### EXERCISE INSTRUCTIONS
What you return must match the entries exactly, except that the pictures are gone.

[Data entries]

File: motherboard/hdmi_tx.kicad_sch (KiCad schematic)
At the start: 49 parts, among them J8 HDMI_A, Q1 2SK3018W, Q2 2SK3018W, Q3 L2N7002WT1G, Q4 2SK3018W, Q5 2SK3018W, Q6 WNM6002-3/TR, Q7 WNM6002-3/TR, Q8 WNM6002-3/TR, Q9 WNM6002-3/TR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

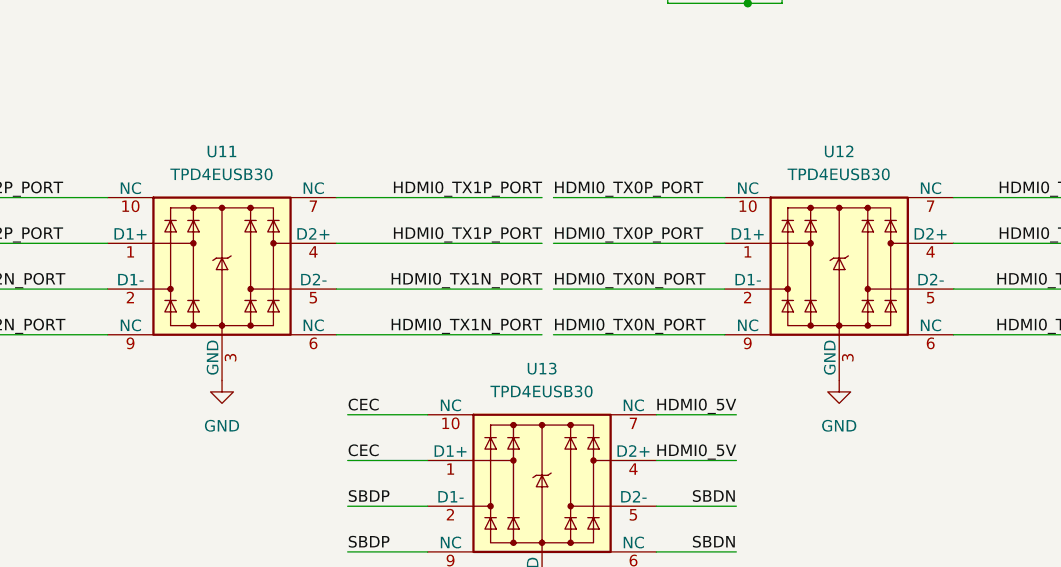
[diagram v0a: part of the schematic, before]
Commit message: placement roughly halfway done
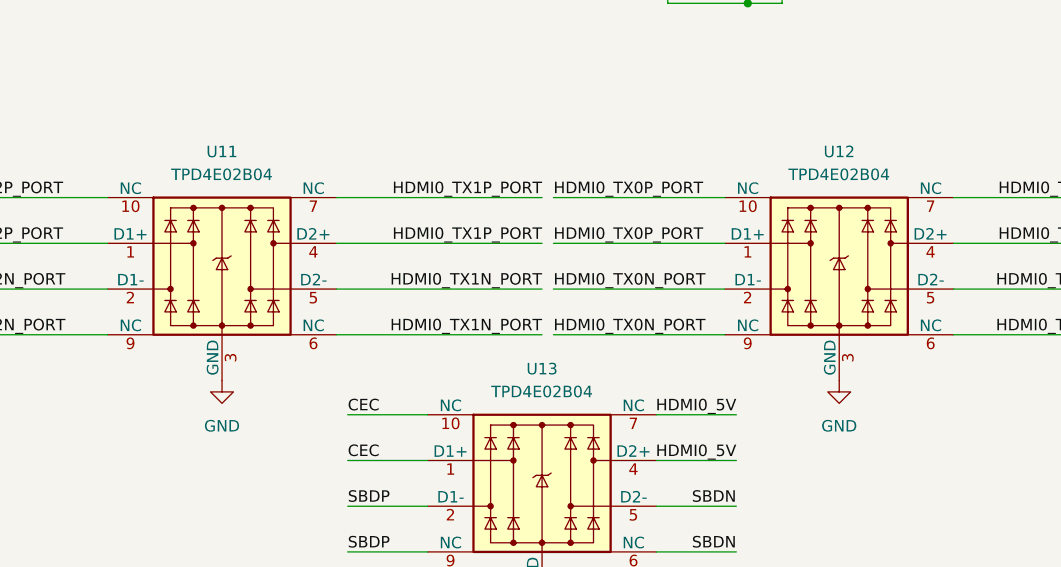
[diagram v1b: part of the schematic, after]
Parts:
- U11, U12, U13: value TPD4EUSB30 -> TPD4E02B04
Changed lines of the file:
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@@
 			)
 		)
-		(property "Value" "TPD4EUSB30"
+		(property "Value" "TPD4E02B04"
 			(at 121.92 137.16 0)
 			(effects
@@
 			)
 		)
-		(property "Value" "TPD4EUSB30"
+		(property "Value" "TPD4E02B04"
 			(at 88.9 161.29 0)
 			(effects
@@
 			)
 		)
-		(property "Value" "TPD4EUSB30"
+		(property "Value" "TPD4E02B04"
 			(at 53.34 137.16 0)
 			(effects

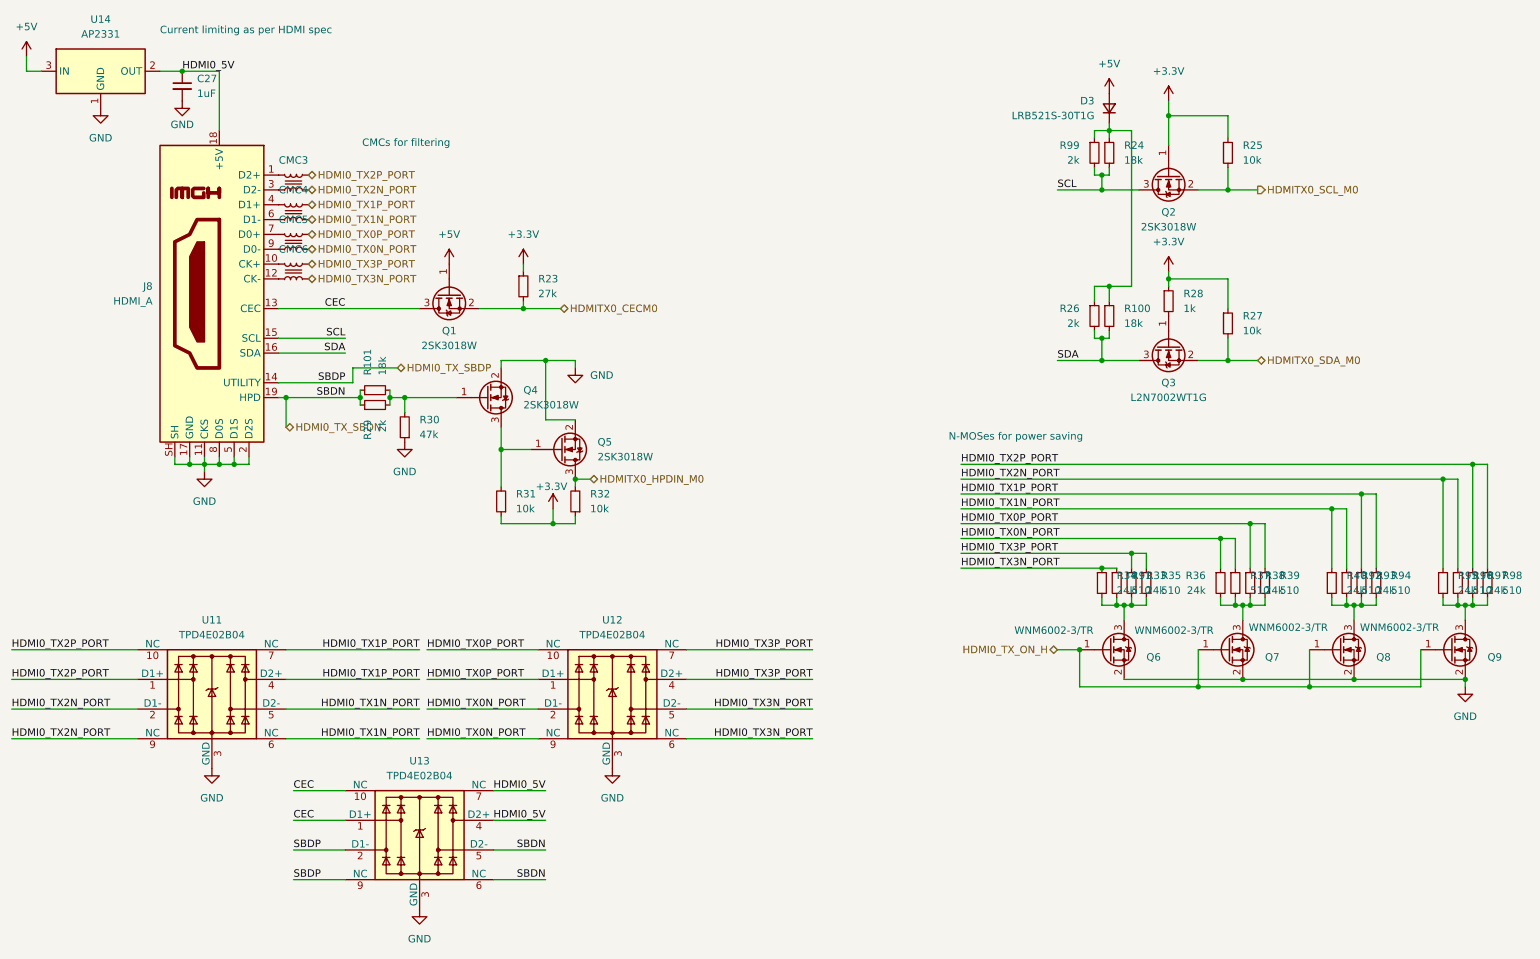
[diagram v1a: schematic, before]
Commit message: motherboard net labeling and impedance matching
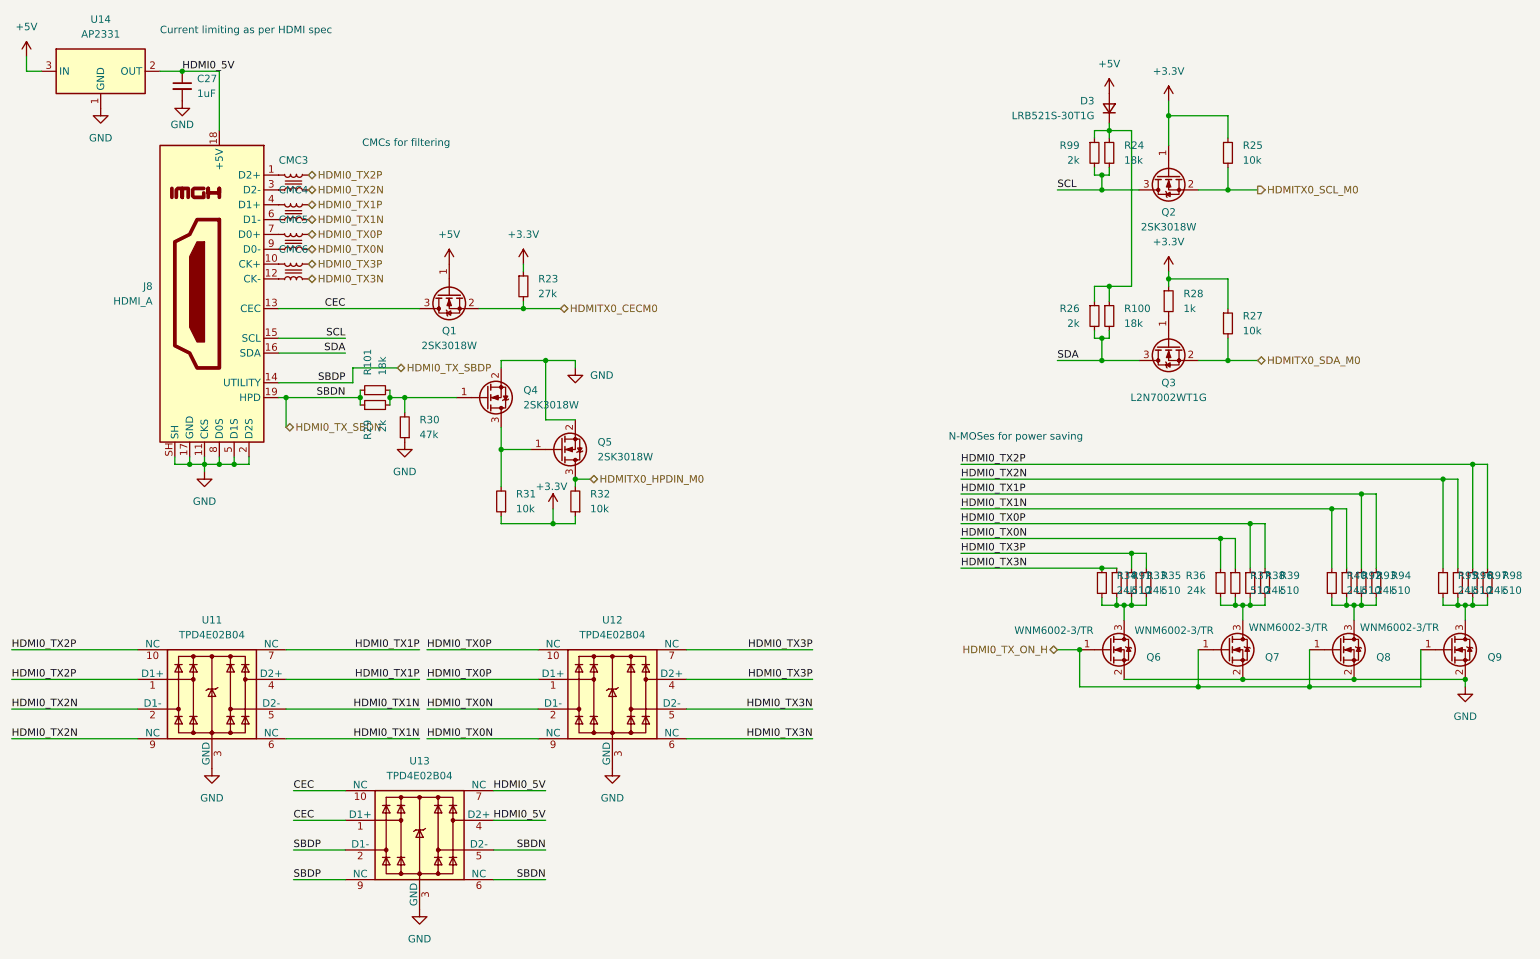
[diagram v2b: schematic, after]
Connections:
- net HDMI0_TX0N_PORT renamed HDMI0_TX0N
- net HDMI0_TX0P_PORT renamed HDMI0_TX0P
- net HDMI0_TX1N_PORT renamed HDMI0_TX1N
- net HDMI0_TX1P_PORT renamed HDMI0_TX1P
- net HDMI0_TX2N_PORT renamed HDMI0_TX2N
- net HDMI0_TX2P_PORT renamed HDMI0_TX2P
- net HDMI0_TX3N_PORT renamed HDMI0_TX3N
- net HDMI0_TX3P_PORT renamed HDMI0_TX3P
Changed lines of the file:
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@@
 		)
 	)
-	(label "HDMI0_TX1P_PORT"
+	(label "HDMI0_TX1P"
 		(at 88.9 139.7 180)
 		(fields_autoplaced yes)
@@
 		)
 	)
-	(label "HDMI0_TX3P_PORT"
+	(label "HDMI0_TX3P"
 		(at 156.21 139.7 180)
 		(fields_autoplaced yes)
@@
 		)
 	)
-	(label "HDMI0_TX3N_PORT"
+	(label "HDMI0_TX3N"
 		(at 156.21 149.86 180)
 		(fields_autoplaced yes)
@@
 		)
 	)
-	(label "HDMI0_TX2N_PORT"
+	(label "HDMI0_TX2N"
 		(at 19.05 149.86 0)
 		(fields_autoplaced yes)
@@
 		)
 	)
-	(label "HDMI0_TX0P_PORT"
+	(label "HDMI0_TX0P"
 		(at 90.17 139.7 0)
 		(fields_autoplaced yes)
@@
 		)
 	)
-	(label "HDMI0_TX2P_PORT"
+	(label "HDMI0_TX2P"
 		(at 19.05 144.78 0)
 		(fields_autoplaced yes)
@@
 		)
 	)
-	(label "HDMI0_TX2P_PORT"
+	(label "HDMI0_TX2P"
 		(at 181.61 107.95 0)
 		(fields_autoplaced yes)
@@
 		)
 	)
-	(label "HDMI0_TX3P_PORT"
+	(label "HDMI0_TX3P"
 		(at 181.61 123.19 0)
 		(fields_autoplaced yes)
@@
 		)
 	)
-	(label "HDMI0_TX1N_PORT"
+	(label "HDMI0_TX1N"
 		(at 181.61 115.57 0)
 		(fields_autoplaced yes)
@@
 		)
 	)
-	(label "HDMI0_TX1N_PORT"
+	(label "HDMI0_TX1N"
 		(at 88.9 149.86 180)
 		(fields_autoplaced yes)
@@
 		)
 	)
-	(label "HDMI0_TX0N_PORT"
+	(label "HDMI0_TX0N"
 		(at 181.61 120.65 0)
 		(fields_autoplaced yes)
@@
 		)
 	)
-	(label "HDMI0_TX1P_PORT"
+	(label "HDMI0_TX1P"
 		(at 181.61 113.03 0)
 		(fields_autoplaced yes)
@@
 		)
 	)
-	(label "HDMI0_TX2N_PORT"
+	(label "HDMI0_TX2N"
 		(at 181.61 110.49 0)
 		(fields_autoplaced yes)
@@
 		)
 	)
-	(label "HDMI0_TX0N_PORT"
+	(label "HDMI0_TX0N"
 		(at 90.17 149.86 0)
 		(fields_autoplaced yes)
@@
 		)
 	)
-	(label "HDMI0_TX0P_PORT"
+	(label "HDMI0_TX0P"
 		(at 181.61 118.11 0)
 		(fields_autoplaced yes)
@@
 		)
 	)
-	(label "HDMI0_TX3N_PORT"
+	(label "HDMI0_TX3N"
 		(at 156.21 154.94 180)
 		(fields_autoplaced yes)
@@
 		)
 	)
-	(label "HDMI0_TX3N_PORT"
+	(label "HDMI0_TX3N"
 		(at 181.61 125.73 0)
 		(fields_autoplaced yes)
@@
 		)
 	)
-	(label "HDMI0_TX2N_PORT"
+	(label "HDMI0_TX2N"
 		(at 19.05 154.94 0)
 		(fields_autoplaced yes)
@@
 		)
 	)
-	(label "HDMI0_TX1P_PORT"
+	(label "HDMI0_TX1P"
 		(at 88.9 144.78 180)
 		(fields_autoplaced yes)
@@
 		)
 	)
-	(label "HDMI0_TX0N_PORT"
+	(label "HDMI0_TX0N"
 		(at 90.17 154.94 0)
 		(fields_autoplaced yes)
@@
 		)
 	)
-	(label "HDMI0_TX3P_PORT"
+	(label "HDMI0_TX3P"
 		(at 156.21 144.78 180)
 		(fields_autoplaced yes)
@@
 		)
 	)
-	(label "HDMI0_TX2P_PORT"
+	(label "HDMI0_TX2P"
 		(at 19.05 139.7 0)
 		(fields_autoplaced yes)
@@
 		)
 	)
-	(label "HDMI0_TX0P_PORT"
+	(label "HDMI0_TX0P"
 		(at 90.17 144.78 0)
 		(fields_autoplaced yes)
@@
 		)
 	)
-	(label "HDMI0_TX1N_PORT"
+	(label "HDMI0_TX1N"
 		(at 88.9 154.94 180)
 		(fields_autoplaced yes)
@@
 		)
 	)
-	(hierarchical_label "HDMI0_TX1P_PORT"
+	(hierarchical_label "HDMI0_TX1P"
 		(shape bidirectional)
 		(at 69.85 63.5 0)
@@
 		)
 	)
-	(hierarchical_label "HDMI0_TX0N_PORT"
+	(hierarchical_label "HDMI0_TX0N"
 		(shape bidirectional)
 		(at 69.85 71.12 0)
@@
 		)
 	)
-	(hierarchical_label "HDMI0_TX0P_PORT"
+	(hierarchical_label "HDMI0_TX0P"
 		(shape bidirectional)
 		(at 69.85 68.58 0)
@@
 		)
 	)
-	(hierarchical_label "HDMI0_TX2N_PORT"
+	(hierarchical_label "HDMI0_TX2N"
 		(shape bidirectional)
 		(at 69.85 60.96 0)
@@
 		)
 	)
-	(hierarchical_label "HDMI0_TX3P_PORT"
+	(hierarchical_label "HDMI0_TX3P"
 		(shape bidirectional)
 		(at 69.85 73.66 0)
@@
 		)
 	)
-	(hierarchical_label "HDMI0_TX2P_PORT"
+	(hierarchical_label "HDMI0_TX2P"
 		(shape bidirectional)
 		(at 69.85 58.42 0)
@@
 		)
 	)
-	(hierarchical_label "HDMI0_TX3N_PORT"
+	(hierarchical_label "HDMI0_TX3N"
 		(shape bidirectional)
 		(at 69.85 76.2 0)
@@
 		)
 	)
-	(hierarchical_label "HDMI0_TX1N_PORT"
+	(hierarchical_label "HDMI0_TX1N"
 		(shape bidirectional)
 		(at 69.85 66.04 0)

### EXERCISE ANSWER
File: motherboard/hdmi_tx.kicad_sch (KiCad schematic)
At the start: 49 parts, among them J8 HDMI_A, Q1 2SK3018W, Q2 2SK3018W, Q3 L2N7002WT1G, Q4 2SK3018W, Q5 2SK3018W, Q6 WNM6002-3/TR, Q7 WNM6002-3/TR, Q8 WNM6002-3/TR, Q9 WNM6002-3/TR

[diagram v0a: part of the schematic, before]
Commit message: placement roughly halfway done
[diagram v1b: part of the schematic, after]
Parts:
- U11, U12, U13: value TPD4EUSB30 -> TPD4E02B04
Changed lines of the file:
@@
 			)
 		)
-		(property "Value" "TPD4EUSB30"
+		(property "Value" "TPD4E02B04"
 			(at 121.92 137.16 0)
 			(effects
@@
 			)
 		)
-		(property "Value" "TPD4EUSB30"
+		(property "Value" "TPD4E02B04"
 			(at 88.9 161.29 0)
 			(effects
@@
 			)
 		)
-		(property "Value" "TPD4EUSB30"
+		(property "Value" "TPD4E02B04"
 			(at 53.34 137.16 0)
 			(effects

[diagram v1a: schematic, before]
Commit message: motherboard net labeling and impedance matching
[diagram v2b: schematic, after]
Connections:
- net HDMI0_TX0N_PORT renamed HDMI0_TX0N
- net HDMI0_TX0P_PORT renamed HDMI0_TX0P
- net HDMI0_TX1N_PORT renamed HDMI0_TX1N
- net HDMI0_TX1P_PORT renamed HDMI0_TX1P
- net HDMI0_TX2N_PORT renamed HDMI0_TX2N
- net HDMI0_TX2P_PORT renamed HDMI0_TX2P
- net HDMI0_TX3N_PORT renamed HDMI0_TX3N
- net HDMI0_TX3P_PORT renamed HDMI0_TX3P
Changed lines of the file:
@@
 		)
 	)
-	(label "HDMI0_TX1P_PORT"
+	(label "HDMI0_TX1P"
 		(at 88.9 139.7 180)
 		(fields_autoplaced yes)
@@
 		)
 	)
-	(label "HDMI0_TX3P_PORT"
+	(label "HDMI0_TX3P"
 		(at 156.21 139.7 180)
 		(fields_autoplaced yes)
@@
 		)
 	)
-	(label "HDMI0_TX3N_PORT"
+	(label "HDMI0_TX3N"
 		(at 156.21 149.86 180)
 		(fields_autoplaced yes)
@@
 		)
 	)
-	(label "HDMI0_TX2N_PORT"
+	(label "HDMI0_TX2N"
 		(at 19.05 149.86 0)
 		(fields_autoplaced yes)
@@
 		)
 	)
-	(label "HDMI0_TX0P_PORT"
+	(label "HDMI0_TX0P"
 		(at 90.17 139.7 0)
 		(fields_autoplaced yes)
@@
 		)
 	)
-	(label "HDMI0_TX2P_PORT"
+	(label "HDMI0_TX2P"
 		(at 19.05 144.78 0)
 		(fields_autoplaced yes)
@@
 		)
 	)
-	(label "HDMI0_TX2P_PORT"
+	(label "HDMI0_TX2P"
 		(at 181.61 107.95 0)
 		(fields_autoplaced yes)
@@
 		)
 	)
-	(label "HDMI0_TX3P_PORT"
+	(label "HDMI0_TX3P"
 		(at 181.61 123.19 0)
 		(fields_autoplaced yes)
@@
 		)
 	)
-	(label "HDMI0_TX1N_PORT"
+	(label "HDMI0_TX1N"
 		(at 181.61 115.57 0)
 		(fields_autoplaced yes)
@@
 		)
 	)
-	(label "HDMI0_TX1N_PORT"
+	(label "HDMI0_TX1N"
 		(at 88.9 149.86 180)
 		(fields_autoplaced yes)
@@
 		)
 	)
-	(label "HDMI0_TX0N_PORT"
+	(label "HDMI0_TX0N"
 		(at 181.61 120.65 0)
 		(fields_autoplaced yes)
@@
 		)
 	)
-	(label "HDMI0_TX1P_PORT"
+	(label "HDMI0_TX1P"
 		(at 181.61 113.03 0)
 		(fields_autoplaced yes)
@@
 		)
 	)
-	(label "HDMI0_TX2N_PORT"
+	(label "HDMI0_TX2N"
 		(at 181.61 110.49 0)
 		(fields_autoplaced yes)
@@
 		)
 	)
-	(label "HDMI0_TX0N_PORT"
+	(label "HDMI0_TX0N"
 		(at 90.17 149.86 0)
 		(fields_autoplaced yes)
@@
 		)
 	)
-	(label "HDMI0_TX0P_PORT"
+	(label "HDMI0_TX0P"
 		(at 181.61 118.11 0)
 		(fields_autoplaced yes)
@@
 		)
 	)
-	(label "HDMI0_TX3N_PORT"
+	(label "HDMI0_TX3N"
 		(at 156.21 154.94 180)
 		(fields_autoplaced yes)
@@
 		)
 	)
-	(label "HDMI0_TX3N_PORT"
+	(label "HDMI0_TX3N"
 		(at 181.61 125.73 0)
 		(fields_autoplaced yes)
@@
 		)
 	)
-	(label "HDMI0_TX2N_PORT"
+	(label "HDMI0_TX2N"
 		(at 19.05 154.94 0)
 		(fields_autoplaced yes)
@@
 		)
 	)
-	(label "HDMI0_TX1P_PORT"
+	(label "HDMI0_TX1P"
 		(at 88.9 144.78 180)
 		(fields_autoplaced yes)
@@
 		)
 	)
-	(label "HDMI0_TX0N_PORT"
+	(label "HDMI0_TX0N"
 		(at 90.17 154.94 0)
 		(fields_autoplaced yes)
@@
 		)
 	)
-	(label "HDMI0_TX3P_PORT"
+	(label "HDMI0_TX3P"
 		(at 156.21 144.78 180)
 		(fields_autoplaced yes)
@@
 		)
 	)
-	(label "HDMI0_TX2P_PORT"
+	(label "HDMI0_TX2P"
 		(at 19.05 139.7 0)
 		(fields_autoplaced yes)
@@
 		)
 	)
-	(label "HDMI0_TX0P_PORT"
+	(label "HDMI0_TX0P"
 		(at 90.17 144.78 0)
 		(fields_autoplaced yes)
@@
 		)
 	)
-	(label "HDMI0_TX1N_PORT"
+	(label "HDMI0_TX1N"
 		(at 88.9 154.94 180)
 		(fields_autoplaced yes)
@@
 		)
 	)
-	(hierarchical_label "HDMI0_TX1P_PORT"
+	(hierarchical_label "HDMI0_TX1P"
 		(shape bidirectional)
 		(at 69.85 63.5 0)
@@
 		)
 	)
-	(hierarchical_label "HDMI0_TX0N_PORT"
+	(hierarchical_label "HDMI0_TX0N"
 		(shape bidirectional)
 		(at 69.85 71.12 0)
@@
 		)
 	)
-	(hierarchical_label "HDMI0_TX0P_PORT"
+	(hierarchical_label "HDMI0_TX0P"
 		(shape bidirectional)
 		(at 69.85 68.58 0)
@@
 		)
 	)
-	(hierarchical_label "HDMI0_TX2N_PORT"
+	(hierarchical_label "HDMI0_TX2N"
 		(shape bidirectional)
 		(at 69.85 60.96 0)
@@
 		)
 	)
-	(hierarchical_label "HDMI0_TX3P_PORT"
+	(hierarchical_label "HDMI0_TX3P"
 		(shape bidirectional)
 		(at 69.85 73.66 0)
@@
 		)
 	)
-	(hierarchical_label "HDMI0_TX2P_PORT"
+	(hierarchical_label "HDMI0_TX2P"
 		(shape bidirectional)
 		(at 69.85 58.42 0)
@@
 		)
 	)
-	(hierarchical_label "HDMI0_TX3N_PORT"
+	(hierarchical_label "HDMI0_TX3N"
 		(shape bidirectional)
 		(at 69.85 76.2 0)
@@
 		)
 	)
-	(hierarchical_label "HDMI0_TX1N_PORT"
+	(hierarchical_label "HDMI0_TX1N"
 		(shape bidirectional)
 		(at 69.85 66.04 0)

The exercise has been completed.